# First Rally Trial!!



## kadylady (Sep 23, 2010)

Luke and I participated in our first Rally trial today. He was amazing! We scored 98/100 and took first place in Rally Novice A! Our 2 points off were both for crooked sits on his fronts. We got great compliments from the judge and other competitors. It was an awesome experience! And I love it because he loves it. He is SO HAPPY the whole time!

Here's our run:





And a pic


----------



## sassafras (Jun 22, 2010)

Congratulations! Love his waggy tail the whole time.


----------



## Kyllobernese (Feb 5, 2008)

He did really well. I took one course of Rally training with Lucy so at least now when I watch a video of Rally, I know what they are doing. I don't know if I will compete in Rally but it was fun learning about it.


----------



## kadylady (Sep 23, 2010)

sassafras said:


> Congratulations! Love his waggy tail the whole time.


That is my favorite part! That and when he gets so happy he prances!



Kyllobernese said:


> He did really well. I took one course of Rally training with Lucy so at least now when I watch a video of Rally, I know what they are doing. I don't know if I will compete in Rally but it was fun learning about it.
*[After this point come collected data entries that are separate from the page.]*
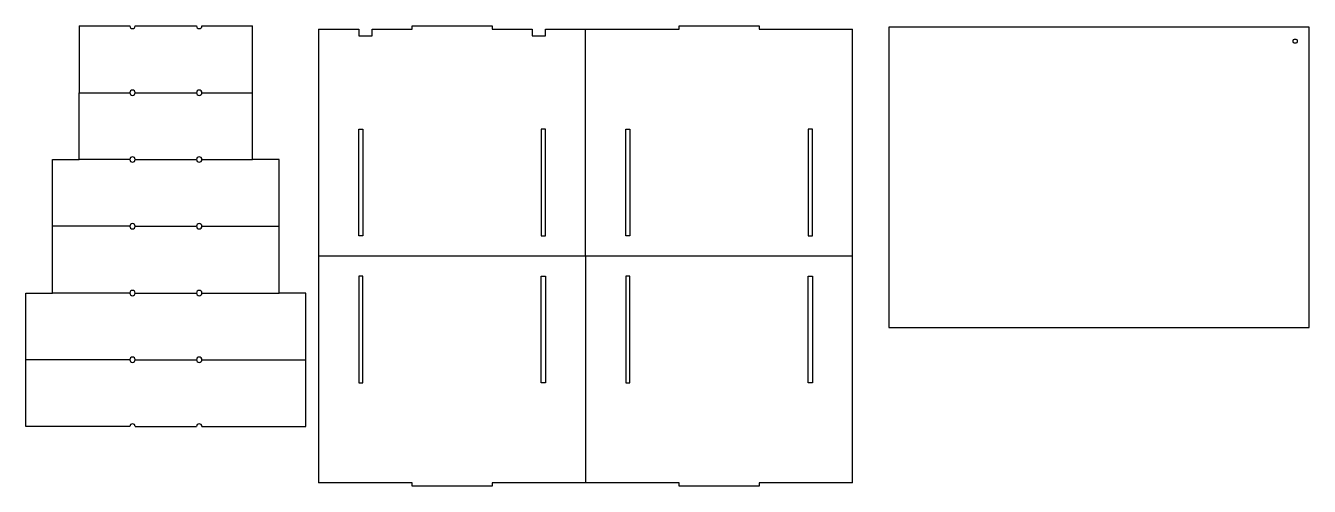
# Model space of a CAD drawing. Header units: millimetres. Extents: x 1130 to 2091, y 1847 to 2192.
import ezdxf

# ---------------------------------------------------------------- set-up
doc = ezdxf.new("R2010")
doc.units = ezdxf.units.MM

msp = doc.modelspace()

# ---------------------------------------------------------------- linework, layer by layer
for p, q in [((1169.78, 2191.96), (1169.78, 2141.96)), ((1169.78, 2191.96), (1207.78, 2191.96)), ((1211.78, 2191.96), (1257.78, 2191.96)), ((1261.78, 2191.96), (1299.78, 2191.96)), ((1299.78, 2141.96), (1299.78, 2191.96)), ((1349.26, 2189.68), (1349.26, 2019.68)), ((1349.26, 2189.68), (1379.26, 2189.68)), ((1379.26, 2189.68), (1379.26, 2184.68)), ((1379.26, 2184.68), (1389.26, 2184.68)), ((1389.26, 2184.68), (1389.26, 2189.68)), ((1389.26, 2189.68), (1419.26, 2189.68)), ((1419.26, 2189.68), (1419.26, 2192.18)), ((1419.26, 2192.18), (1479.26, 2192.18)), ((1479.26, 2192.18), (1479.26, 2189.68)), ((1479.26, 2189.68), (1509.26, 2189.68)), ((1509.26, 2189.68), (1509.26, 2184.68)), ((1509.26, 2184.68), (1519.26, 2184.68)), ((1519.26, 2184.68), (1519.26, 2189.68)), ((1519.26, 2189.68), (1549.26, 2189.68)), ((1549.26, 2019.68), (1549.26, 2189.68)), ((1549.26, 2189.68), (1619.26, 2189.68)), ((1619.26, 2189.68), (1619.26, 2192.18)), ((1619.26, 2192.18), (1679.26, 2192.18)), ((1679.26, 2192.18), (1679.26, 2189.68)), ((1679.26, 2189.68), (1749.26, 2189.68)), ((1749.26, 2019.68), (1749.26, 2189.68)), ((1776.42, 2191.18), (1776.42, 1966.18)), ((2091.42, 2191.18), (1776.42, 2191.18)), ((2091.42, 1966.18), (2091.42, 2191.18)), ((1169.78, 2141.96), (1207.78, 2141.96)), ((1169.78, 2091.96), (1169.78, 2141.96)), ((1211.78, 2141.96), (1257.78, 2141.96)), ((1261.78, 2141.96), (1299.78, 2141.96)), ((1299.78, 2091.96), (1299.78, 2141.96)), ((1379.26, 2034.68), (1379.26, 2114.68)), ((1379.26, 2114.68), (1382.46, 2114.68)), ((1382.46, 2114.68), (1382.46, 2034.68)), ((1519.26, 2114.68), (1516.06, 2114.68)), ((1516.06, 2114.68), (1516.06, 2034.68)), ((1519.26, 2034.68), (1519.26, 2114.68)), ((1579.26, 2034.68), (1579.26, 2114.68)), ((1579.26, 2114.68), (1582.46, 2114.68)), ((1582.46, 2114.68), (1582.46, 2034.68)), ((1719.26, 2114.68), (1716.06, 2114.68)), ((1716.06, 2114.68), (1716.06, 2034.68)), ((1719.26, 2034.68), (1719.26, 2114.68)), ((1149.78, 2041.96), (1149.78, 2091.96)), ((1149.78, 2091.96), (1169.78, 2091.96)), ((1207.78, 2091.96), (1169.78, 2091.96)), ((1211.78, 2091.96), (1257.78, 2091.96)), ((1261.78, 2091.96), (1299.78, 2091.96)), ((1319.78, 2091.96), (1299.78, 2091.96)), ((1319.78, 2041.96), (1319.78, 2091.96)), ((1207.78, 2041.96), (1149.78, 2041.96)), ((1149.78, 1991.96), (1149.78, 2041.96)), ((1211.78, 2041.96), (1257.78, 2041.96)), ((1261.78, 2041.96), (1319.78, 2041.96)), ((1319.78, 1991.96), (1319.78, 2041.96)), ((1382.46, 2034.68), (1379.26, 2034.68)), ((1516.06, 2034.68), (1519.26, 2034.68)), ((1582.46, 2034.68), (1579.26, 2034.68)), ((1716.06, 2034.68), (1719.26, 2034.68)), ((1349.26, 2019.68), (1549.26, 2019.68)), ((1349.26, 2019.68), (1349.26, 1849.68)), ((1549.26, 2019.68), (1749.26, 2019.68)), ((1549.26, 2019.68), (1549.26, 1849.68)), ((1749.26, 1849.68), (1749.26, 2019.68)), ((1379.26, 2004.68), (1379.26, 1924.68)), ((1382.46, 2004.68), (1379.26, 2004.68)), ((1382.46, 1924.68), (1382.46, 2004.68)), ((1516.06, 1924.68), (1516.06, 2004.68)), ((1516.06, 2004.68), (1519.26, 2004.68)), ((1519.26, 2004.68), (1519.26, 1924.68)), ((1579.26, 2004.68), (1579.26, 1924.68)), ((1582.46, 2004.68), (1579.26, 2004.68)), ((1582.46, 1924.68), (1582.46, 2004.68)), ((1716.06, 1924.68), (1716.06, 2004.68)), ((1716.06, 2004.68), (1719.26, 2004.68)), ((1719.26, 2004.68), (1719.26, 1924.68)), ((1129.78, 1941.96), (1129.78, 1991.96)), ((1129.78, 1991.96), (1149.78, 1991.96)), ((1207.78, 1991.96), (1149.78, 1991.96)), ((1211.78, 1991.96), (1257.78, 1991.96)), ((1261.78, 1991.96), (1319.78, 1991.96)), ((1339.78, 1991.96), (1319.78, 1991.96)), ((1339.78, 1941.96), (1339.78, 1991.96)), ((1776.42, 1966.18), (2091.42, 1966.18)), ((1207.78, 1941.96), (1129.78, 1941.96)), ((1129.78, 1891.96), (1129.78, 1941.96)), ((1211.78, 1941.96), (1257.78, 1941.96)), ((1261.78, 1941.96), (1339.78, 1941.96)), ((1339.78, 1891.96), (1339.78, 1941.96)), ((1379.26, 1924.68), (1382.46, 1924.68)), ((1519.26, 1924.68), (1516.06, 1924.68)), ((1579.26, 1924.68), (1582.46, 1924.68)), ((1719.26, 1924.68), (1716.06, 1924.68)), ((1207.78, 1891.96), (1129.78, 1891.96)), ((1211.78, 1891.96), (1257.78, 1891.96)), ((1261.78, 1891.96), (1339.78, 1891.96)), ((1419.26, 1849.68), (1349.26, 1849.68)), ((1419.26, 1847.18), (1419.26, 1849.68)), ((1479.26, 1847.18), (1419.26, 1847.18)), ((1479.26, 1849.68), (1479.26, 1847.18)), ((1549.26, 1849.68), (1479.26, 1849.68)), ((1619.26, 1849.68), (1549.26, 1849.68)), ((1619.26, 1847.18), (1619.26, 1849.68)), ((1679.26, 1847.18), (1619.26, 1847.18)), ((1679.26, 1849.68), (1679.26, 1847.18)), ((1749.26, 1849.68), (1679.26, 1849.68))]:
    msp.add_line(p, q)
msp.add_circle((2080.81, 2180.58), 1.6)
for centre, start, end in [((1209.78, 2191.96), 180, 0), ((1259.78, 2191.96), 180, 0), ((1209.78, 2141.96), 0, 180), ((1209.78, 2141.96), 180, 0), ((1259.78, 2141.96), 0, 180), ((1259.78, 2141.96), 180, 0), ((1209.78, 2091.96), 0, 180), ((1209.78, 2091.96), 180, 0), ((1259.78, 2091.96), 0, 180), ((1259.78, 2091.96), 180, 0), ((1209.78, 2041.96), 0, 180), ((1209.78, 2041.96), 180, 0), ((1259.78, 2041.96), 0, 180), ((1259.78, 2041.96), 180, 0), ((1209.78, 1991.96), 0, 180), ((1209.78, 1991.96), 180, 0), ((1259.78, 1991.96), 0, 180), ((1259.78, 1991.96), 180, 0), ((1209.78, 1941.96), 0, 180), ((1259.78, 1941.96), 0, 180), ((1209.78, 1941.96), 180, 0), ((1259.78, 1941.96), 180, 0), ((1209.78, 1891.96), 0, 180), ((1259.78, 1891.96), 0, 180)]:
    msp.add_arc(centre, 2, start, end)

doc.saveas('drawing.dxf')

I signed up for a Rally class with Luke because I was feeling guilty about doing so much agility with Zoey and nothing with him. Didn't have any competition plans but he really took to it and seems to enjoy it so here we are!


----------



## MyCharlie (Nov 4, 2007)

That was beautiful! His focus on you was great - and best part of all is that waggy waggy tail!! Makes me smile seeing happy dogs in the ring!


----------



## elrohwen (Nov 10, 2011)

Congrats! You guys did a great job. He looks like such a sweet happy boy the whole time.


----------



## kadylady (Sep 23, 2010)

Thanks everyone! I'm already looking for our next one since we had so much fun at this one!


----------



## MrsBoats (May 20, 2010)

Very nice run! Congrats on the first place and great score!!


----------